Se lo dije a Coker a la mañana. Se mostró de acuerdo pero trató visiblemente de no darme demasiadas esperanzas.
—Muy bien. Haga usted lo que mejor le parezca —dijo—. Espero… bueno, de cualquier modo usted sabe dónde estamos y pueden venir los dos a Tynsham a ayudarme a manejar a esa mujer.
Aquella misma mañana se estropeó el tiempo. Mientras subía una vez más al camión familiar, la lluvia caía a cántaros. Sin embargo, me sentía aliviado y lleno de esperanzas; podía haber llovido diez veces más fuerte sin que eso alcanzase a deprimirme o alterar mis planes.
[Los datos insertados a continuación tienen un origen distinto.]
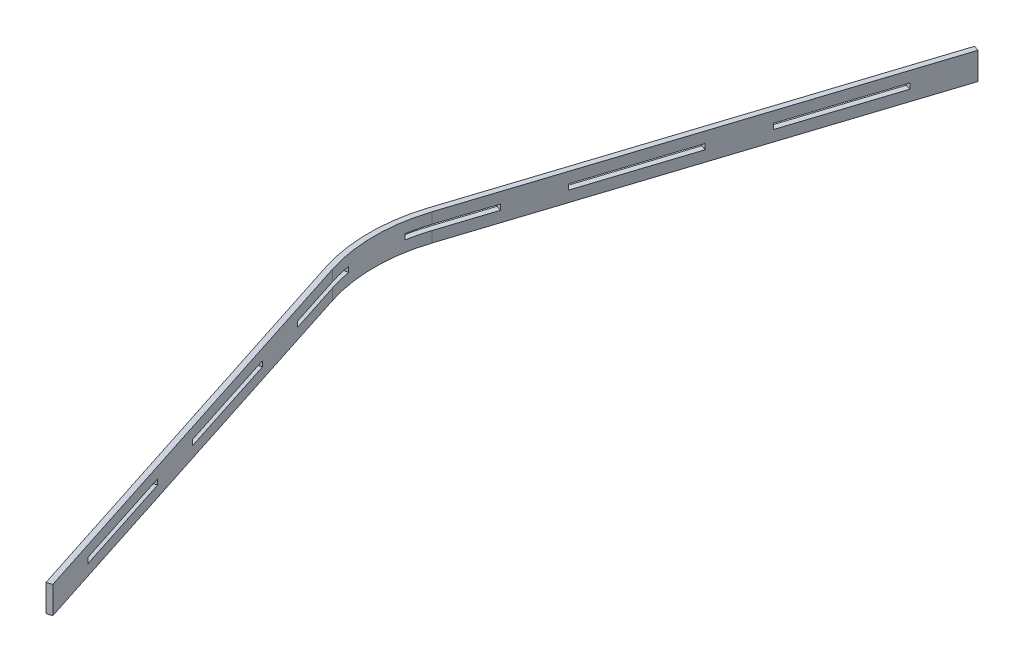
ISO-10303-21;
HEADER;
FILE_DESCRIPTION(('STEP AP214'),'2;1');
FILE_NAME('part.step','',(''),(''),'','','');
FILE_SCHEMA(('AUTOMOTIVE_DESIGN { 1 0 10303 214 1 1 1 1 }'));
ENDSEC;
DATA;
#1=APPLICATION_CONTEXT('core data for automotive mechanical design processes');
#2=APPLICATION_PROTOCOL_DEFINITION('international standard','automotive_design',2000,#1);
#3=PRODUCT_CONTEXT('',#1,'mechanical');
#4=PRODUCT('Part','Part','',(#3));
#5=PRODUCT_RELATED_PRODUCT_CATEGORY('part','',(#4));
#6=PRODUCT_DEFINITION_FORMATION('','',#4);
#7=PRODUCT_DEFINITION_CONTEXT('part definition',#1,'design');
#8=PRODUCT_DEFINITION('design','',#6,#7);
#9=PRODUCT_DEFINITION_SHAPE('','',#8);
#10=(LENGTH_UNIT() NAMED_UNIT(*) SI_UNIT(.MILLI.,.METRE.));
#11=(NAMED_UNIT(*) PLANE_ANGLE_UNIT() SI_UNIT($,.RADIAN.));
#12=(NAMED_UNIT(*) SI_UNIT($,.STERADIAN.) SOLID_ANGLE_UNIT());
#13=UNCERTAINTY_MEASURE_WITH_UNIT(LENGTH_MEASURE(1.E-05),#10,'distance_accuracy_value','');
#14=(GEOMETRIC_REPRESENTATION_CONTEXT(3) GLOBAL_UNCERTAINTY_ASSIGNED_CONTEXT((#13)) GLOBAL_UNIT_ASSIGNED_CONTEXT((#10,
#11,#12)) REPRESENTATION_CONTEXT('',''));
#15=CARTESIAN_POINT('',(0.,0.,0.));
#16=DIRECTION('',(0.,0.,1.));
#17=DIRECTION('',(1.,0.,0.));
#18=AXIS2_PLACEMENT_3D('',#15,#16,#17);
#19=CARTESIAN_POINT('',(0.,5.,0.));
#20=DIRECTION('',(0.,-1.,0.));
#21=DIRECTION('',(0.,0.,-1.));
#22=AXIS2_PLACEMENT_3D('',#19,#20,#21);
#23=PLANE('',#22);
#24=DIRECTION('',(0.306896026451273,0.,-0.951743047754182));
#25=VECTOR('',#24,1.);
#26=CARTESIAN_POINT('',(-40.0060931652364,5.,-853.463246138728));
#27=LINE('',#26,#25);
#28=CARTESIAN_POINT('',(-224.143709036,5.,-282.417417486219));
#29=VERTEX_POINT('',#28);
#30=CARTESIAN_POINT('',(-162.764503745746,5.,-472.766027037055));
#31=VERTEX_POINT('',#30);
#32=EDGE_CURVE('E551',#29,#31,#27,.T.);
#33=ORIENTED_EDGE('',*,*,#32,.F.);
#34=DIRECTION('',(-0.951743047754182,0.,-0.306896026451274));
#35=VECTOR('',#34,1.);
#36=CARTESIAN_POINT('',(-233.661139513542,5.,-285.486377750731));
#37=LINE('',#36,#35);
#38=CARTESIAN_POINT('',(-233.661139513542,5.,-285.486377750731));
#39=VERTEX_POINT('',#38);
#40=EDGE_CURVE('E573',#29,#39,#37,.T.);
#41=ORIENTED_EDGE('',*,*,#40,.T.);
#42=DIRECTION('',(-0.306896026451273,0.,0.951743047754182));
#43=VECTOR('',#42,1.);
#44=CARTESIAN_POINT('',(-49.5235236427783,5.,-856.532206403241));
#45=LINE('',#44,#43);
#46=CARTESIAN_POINT('',(-172.281934223287,5.,-475.834987301568));
#47=VERTEX_POINT('',#46);
#48=EDGE_CURVE('E553',#47,#39,#45,.T.);
#49=ORIENTED_EDGE('',*,*,#48,.F.);
#50=DIRECTION('',(0.951743047754182,0.,0.306896026451274));
#51=VECTOR('',#50,1.);
#52=CARTESIAN_POINT('',(-162.764503745746,5.,-472.766027037055));
#53=LINE('',#52,#51);
#54=EDGE_CURVE('E517',#47,#31,#53,.T.);
#55=ORIENTED_EDGE('',*,*,#54,.T.);
#56=EDGE_LOOP('',(#33,#41,#49,#55));
#57=FACE_BOUND('',#56,.T.);
#58=ADVANCED_FACE('F33',(#57),#23,.T.);
#59=CARTESIAN_POINT('',(-264.350742158669,5.,-190.312072975313));
#60=VERTEX_POINT('',#59);
#61=CARTESIAN_POINT('',(-295.040344803797,5.,-95.1377681998943));
#62=VERTEX_POINT('',#61);
#63=EDGE_CURVE('E550',#60,#62,#45,.T.);
#64=ORIENTED_EDGE('',*,*,#63,.F.);
#65=DIRECTION('',(0.951743047754183,0.,0.306896026451272));
#66=VECTOR('',#65,1.);
#67=CARTESIAN_POINT('',(-264.350742158669,5.,-190.312072975313));
#68=LINE('',#67,#66);
#69=CARTESIAN_POINT('',(-254.833311681128,5.,-187.2431127108));
#70=VERTEX_POINT('',#69);
#71=EDGE_CURVE('E50',#60,#70,#68,.T.);
#72=ORIENTED_EDGE('',*,*,#71,.T.);
#73=CARTESIAN_POINT('',(-285.522914326255,5.,-92.0688079353818));
#74=VERTEX_POINT('',#73);
#75=EDGE_CURVE('E543',#74,#70,#27,.T.);
#76=ORIENTED_EDGE('',*,*,#75,.F.);
#77=CARTESIAN_POINT('',(0.,5.,0.));
#78=DIRECTION('',(0.,-1.,0.));
#79=DIRECTION('',(0.,0.,-1.));
#80=AXIS2_PLACEMENT_3D('',#77,#78,#79);
#81=CIRCLE('',#80,300.);
#82=CARTESIAN_POINT('',(-295.442325903663,5.,-52.0944533000793));
#83=VERTEX_POINT('',#82);
#84=EDGE_CURVE('E533',#83,#74,#81,.T.);
#85=ORIENTED_EDGE('',*,*,#84,.F.);
#86=DIRECTION('',(-0.984807753012208,0.,-0.173648177666931));
#87=VECTOR('',#86,1.);
#88=CARTESIAN_POINT('',(-305.290403433784,5.,-53.8309350767487));
#89=LINE('',#88,#87);
#90=CARTESIAN_POINT('',(-305.290403433784,5.,-53.8309350767487));
#91=VERTEX_POINT('',#90);
#92=EDGE_CURVE('E348',#83,#91,#89,.T.);
#93=ORIENTED_EDGE('',*,*,#92,.T.);
#94=CARTESIAN_POINT('',(0.,5.,0.));
#95=DIRECTION('',(0.,1.,0.));
#96=DIRECTION('',(0.,0.,-1.));
#97=AXIS2_PLACEMENT_3D('',#94,#95,#96);
#98=CIRCLE('',#97,310.);
#99=EDGE_CURVE('E455',#62,#91,#98,.T.);
#100=ORIENTED_EDGE('',*,*,#99,.F.);
#101=EDGE_LOOP('',(#64,#72,#76,#85,#93,#100));
#102=FACE_BOUND('',#101,.T.);
#103=ADVANCED_FACE('F549',(#102),#23,.T.);
#104=CARTESIAN_POINT('',(-80.2131262879055,5.,-761.357901627822));
#105=VERTEX_POINT('',#104);
#106=CARTESIAN_POINT('',(-141.59233157816,5.,-571.009292076986));
#107=VERTEX_POINT('',#106);
#108=EDGE_CURVE('E554',#105,#107,#45,.T.);
#109=ORIENTED_EDGE('',*,*,#108,.F.);
#110=DIRECTION('',(0.951743047754182,0.,0.306896026451273));
#111=VECTOR('',#110,1.);
#112=CARTESIAN_POINT('',(-70.6956958103637,5.,-758.28894136331));
#113=LINE('',#112,#111);
#114=CARTESIAN_POINT('',(-70.6956958103637,5.,-758.28894136331));
#115=VERTEX_POINT('',#114);
#116=EDGE_CURVE('E58',#105,#115,#113,.T.);
#117=ORIENTED_EDGE('',*,*,#116,.T.);
#118=CARTESIAN_POINT('',(-132.074901100618,5.,-567.940331812473));
#119=VERTEX_POINT('',#118);
#120=EDGE_CURVE('E552',#119,#115,#27,.T.);
#121=ORIENTED_EDGE('',*,*,#120,.F.);
#122=DIRECTION('',(-0.951743047754185,0.,-0.306896026451265));
#123=VECTOR('',#122,1.);
#124=CARTESIAN_POINT('',(-132.074901100618,5.,-567.940331812473));
#125=LINE('',#124,#123);
#126=EDGE_CURVE('E595',#119,#107,#125,.T.);
#127=ORIENTED_EDGE('',*,*,#126,.T.);
#128=EDGE_LOOP('',(#109,#117,#121,#127));
#129=FACE_BOUND('',#128,.T.);
#130=ADVANCED_FACE('F609',(#129),#23,.T.);
#131=CARTESIAN_POINT('',(-305.290403433784,5.,53.8309350767487));
#132=VERTEX_POINT('',#131);
#133=CARTESIAN_POINT('',(-295.040344803796,5.,95.1377681998945));
#134=VERTEX_POINT('',#133);
#135=EDGE_CURVE('E477',#132,#134,#98,.T.);
#136=ORIENTED_EDGE('',*,*,#135,.F.);
#137=DIRECTION('',(0.984807753012208,0.,-0.173648177666931));
#138=VECTOR('',#137,1.);
#139=CARTESIAN_POINT('',(-305.290403433784,5.,53.8309350767487));
#140=LINE('',#139,#138);
#141=CARTESIAN_POINT('',(-295.442325903663,5.,52.0944533000794));
#142=VERTEX_POINT('',#141);
#143=EDGE_CURVE('E344',#132,#142,#140,.T.);
#144=ORIENTED_EDGE('',*,*,#143,.T.);
#145=CARTESIAN_POINT('',(-285.522914326255,5.,92.0688079353817));
#146=VERTEX_POINT('',#145);
#147=EDGE_CURVE('E436',#146,#142,#81,.T.);
#148=ORIENTED_EDGE('',*,*,#147,.F.);
#149=DIRECTION('',(-0.306896026451273,0.,-0.951743047754182));
#150=VECTOR('',#149,1.);
#151=CARTESIAN_POINT('',(-40.0060931652364,5.,853.463246138728));
#152=LINE('',#151,#150);
#153=CARTESIAN_POINT('',(-254.833311681127,5.,187.243112710801));
#154=VERTEX_POINT('',#153);
#155=EDGE_CURVE('E413',#154,#146,#152,.T.);
#156=ORIENTED_EDGE('',*,*,#155,.F.);
#157=DIRECTION('',(-0.951743047754183,0.,0.306896026451272));
#158=VECTOR('',#157,1.);
#159=CARTESIAN_POINT('',(-264.350742158669,5.,190.312072975313));
#160=LINE('',#159,#158);
#161=CARTESIAN_POINT('',(-264.350742158669,5.,190.312072975313));
#162=VERTEX_POINT('',#161);
#163=EDGE_CURVE('E368',#154,#162,#160,.T.);
#164=ORIENTED_EDGE('',*,*,#163,.T.);
#165=DIRECTION('',(0.306896026451273,0.,0.951743047754182));
#166=VECTOR('',#165,1.);
#167=CARTESIAN_POINT('',(-49.5235236427783,5.,856.532206403241));
#168=LINE('',#167,#166);
#169=EDGE_CURVE('E418',#134,#162,#168,.T.);
#170=ORIENTED_EDGE('',*,*,#169,.F.);
#171=EDGE_LOOP('',(#136,#144,#148,#156,#164,#170));
#172=FACE_BOUND('',#171,.T.);
#173=ADVANCED_FACE('F564',(#172),#23,.T.);
#174=CARTESIAN_POINT('',(-233.661139513542,5.,285.486377750731));
#175=VERTEX_POINT('',#174);
#176=CARTESIAN_POINT('',(-172.281934223287,5.,475.834987301568));
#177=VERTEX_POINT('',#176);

Coker salió a verme partir. Yo sabía por qué había tratado de justificar su punto de vista. Sin que él me lo dijera yo veía que el recuerdo de su primer plan y su consecuencias aún lo perturbaban. Se quedó a un lado de la cabina, con el pelo aplastado. El agua le empapaba el cuello. Me hizo un saludo.
—Cuidado, Bill. No hay ambulancias ahora, y ella preferirá que llegue usted entero. Buena suerte, y mis disculpas por todo a la muchacha, cuando la encuentre.
La palabra fue «cuando», pero el tono quería decir «si».